Bailieborough has L Church of 150 acres with adequate bank facilities and four boats, as well as L Castle, L Skeagh, L Drumkerry, and L Galbolie. Lough Skillan, 800 acres, is alongside Shercock with fair pike and bream, seven boats available and bank space for 60 rods. For further information contact B Gren-nan, The Beeches, Cootehill, or M Brady, Bailieborough, Co Cavan.
Monaghan town is a good centre for fishing the Ballybay area which has the Dromore River and six lakes. They are all good for bream, rudd and perch, but no boats are available. Lough Major, 800 acres, is largely reserved for trout, although restricted coarse fishing is permitted, while L Mullarney and L White provide good bream. For further details contact McCaughery, at 1 Highfield Close, Killygoan, Co Monaghan or G Maguire in Ballybay.
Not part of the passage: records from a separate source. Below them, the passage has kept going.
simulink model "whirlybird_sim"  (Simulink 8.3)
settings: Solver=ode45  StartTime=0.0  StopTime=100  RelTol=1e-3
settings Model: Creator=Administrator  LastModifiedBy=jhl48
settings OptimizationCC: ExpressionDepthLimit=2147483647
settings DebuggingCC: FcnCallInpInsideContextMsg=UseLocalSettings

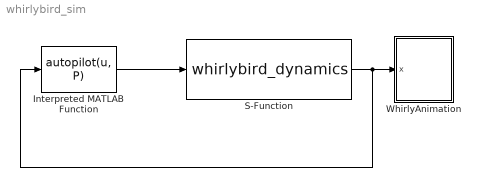
== system whirlybird_sim ==
  Interpreted MATLAB Function : MATLABFcn  MATLABFcn=autopilot(u, P)  OutputDimensions=2
  S-Function : S-Function  FunctionName=whirlybird_dynamics  Parameters=P  EnableBusSupport=off
  WhirlyAnimation : Subsystem
      mask Display: image(imread('tv.jpg'))
  wires:
  S-Function/1 -> Interpreted MATLAB Function/1, WhirlyAnimation/1(x)
  Interpreted MATLAB Function/1 -> S-Function/1

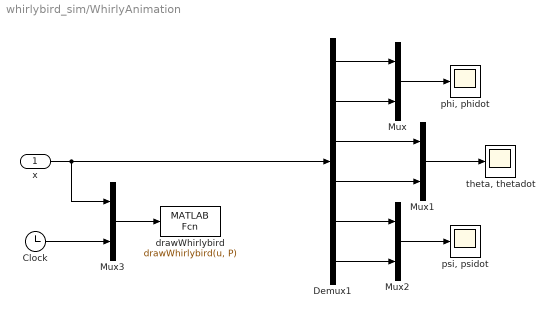
== system whirlybird_sim/WhirlyAnimation ==
  x : Inport
  Clock : Clock
  Demux1 : Demux  Outputs=6
  Mux{,1..3} (4 alike) : Mux  Inputs=2
  drawWhirlybird : MATLABFcn  MATLABFcn=drawWhirlybird(u, P)  OutputDimensions=0  SampleTime=0.1
  "phi, phidot" : Scope
      settings: TimeRange=40  YMin=-10  YMax=15  SaveName=ScopeData4
  "psi, psidot" : Scope
      settings: TimeRange=40  YMin=-2  YMax=1  SaveName=ScopeData3
  "theta, thetadot" : Scope
      settings: TimeRange=40  YMin=-2  YMax=1  SaveName=ScopeData2
  wires:
  Demux1/1 -> Mux/1
  Demux1/2 -> Mux/2
  Demux1/3 -> Mux1/1
  Demux1/4 -> Mux1/2
  Demux1/5 -> Mux2/1
  Demux1/6 -> Mux2/2
  Mux2/1 -> "psi, psidot"/1
  Mux1/1 -> "theta, thetadot"/1
  Mux/1 -> "phi, phidot"/1
  x/1 -> Mux3/1, Demux1/1
  Clock/1 -> Mux3/2
  Mux3/1 -> drawWhirlybird/1
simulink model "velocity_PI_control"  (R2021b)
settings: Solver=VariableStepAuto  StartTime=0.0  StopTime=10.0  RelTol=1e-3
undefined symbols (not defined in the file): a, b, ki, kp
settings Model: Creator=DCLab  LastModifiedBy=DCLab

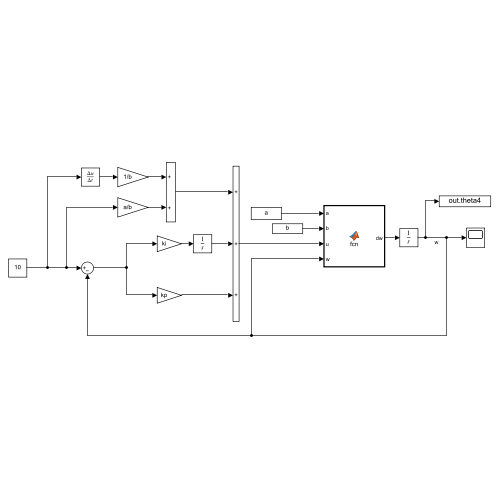
[thumbnail: Simulink's stored preview of the top-level diagram]
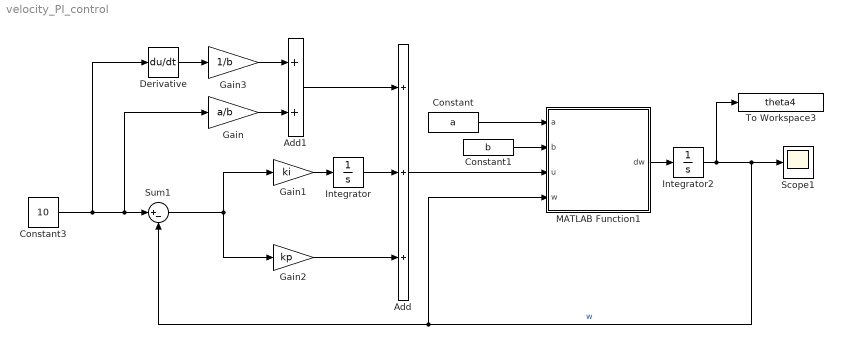
== system velocity_PI_control ==
  Add : Sum  Inputs=+++
  Add1 : Sum
  Constant : Constant  Value=a
  Constant1 : Constant  Value=b
  Constant3 : Constant  Value=10
  Derivative : Derivative
  Gain : Gain  Gain=a/b
  Gain1 : Gain  Gain=ki
  Gain2 : Gain  Gain=kp
  Gain3 : Gain  Gain=1/b
  Integrator : Integrator
  Integrator2 : Integrator
  MATLAB Function1 : MATLAB Function  TreatAsAtomicUnit=on
  Scope1 : Scope
  Sum1 : Sum  Inputs=|+-
  To Workspace3 : ToWorkspace  VariableName=theta4  SampleTime=-1
      settings: Save2DSignal=2-D array (concatenate along first dimension)
  wires:
  MATLAB Function1/1(dw) -> Integrator2/1
  Sum1/1 -> Gain1/1, Gain2/1
  Constant1/1 -> MATLAB Function1/2(b)
  Add/1 -> MATLAB Function1/3(u)
  Integrator2/1 -> To Workspace3/1, Scope1/1, MATLAB Function1/4(w), Sum1/2  "w"
  Gain1/1 -> Integrator/1
  Constant/1 -> MATLAB Function1/1(a)
  Constant3/1 -> Gain/1, Sum1/1, Derivative/1
  Integrator/1 -> Add/2
  Gain2/1 -> Add/3
  Derivative/1 -> Gain3/1
  Gain3/1 -> Add1/1
  Gain/1 -> Add1/2
  Add1/1 -> Add/1

== matlab function velocity_PI_control/MATLAB Function1 ==
  data: a input; dw output; b input; u input; w input
function dw = fcn(a,b,u,w)

dw = -a*w+b*u;

Carrickmacross: has many lakes L Monalty, a shallow, weedy lake, has first class bream, rudd and rudd/bream hybrids, and nearby L Corcrin has bream. In the town, L Lisaniske is also good for bream, while Rahan’s Lake, with fishing stands, provides good bream and pike. Contact Tom Ward, Coolfore, Carrickmacross, Co Monaghan, for further details.
Baillinamore, Carrigallen and Ballyconnel form another triangle west of the Erne system proper. The River Woodford, slow moving near Ballyconnel, has high quality fishing for pike, bream, roach, perch and some rudd. Lough Cranaghan, 50 acres, and L Clonty, near Ardlougher, have good fishing but limited bank facilities.
At Carrigallen, the little fished L Glasshouse, 100 acres, is worth exploring by boat, and L Rockfield and L Gulladoo are said to have bream and roach. Contact J J Dolan, Carrigallen, Co Leitrim. Ballinamore has 10 lakes with some boats and at-tractive bank facilities, and L Cam at Ballyconnel has tench of up to 4½lb. Apply to Ivan Price, Ballinamore, for directions.
First class boat fishing
Lough Muckno, near Castleblayney, offers roughly 1,000 acres of first class boat fishing with many bays for pike and bream. Trolling for pike is popular and three boats are available. Contact the secretary of the Bawn and District Gun and Angling Club at Gortubber Post Office, Castleblayney.
Drumconrath, in Co Meath, has many lakes known as the Ballyhoe lakes holding good stocks of bream and rudd, and tench to 6 lb. Lough Mentrim is good for tench and L Corstown for bream, while L Bracken has fine rudd-bream hybrids. Contact Jim Meade, Drum- conrath, for further details.
Virginia in Co Cavan has L Ramor (800 acres) with fishing for fine perch and pike, and six boats available. Both the River Black-water, running from Ramor, and the River Boyne have been drained and will remain virtually worthless to the angler until 1983 by which time it is hoped that the water will have become sufficiently clear to permit restocking.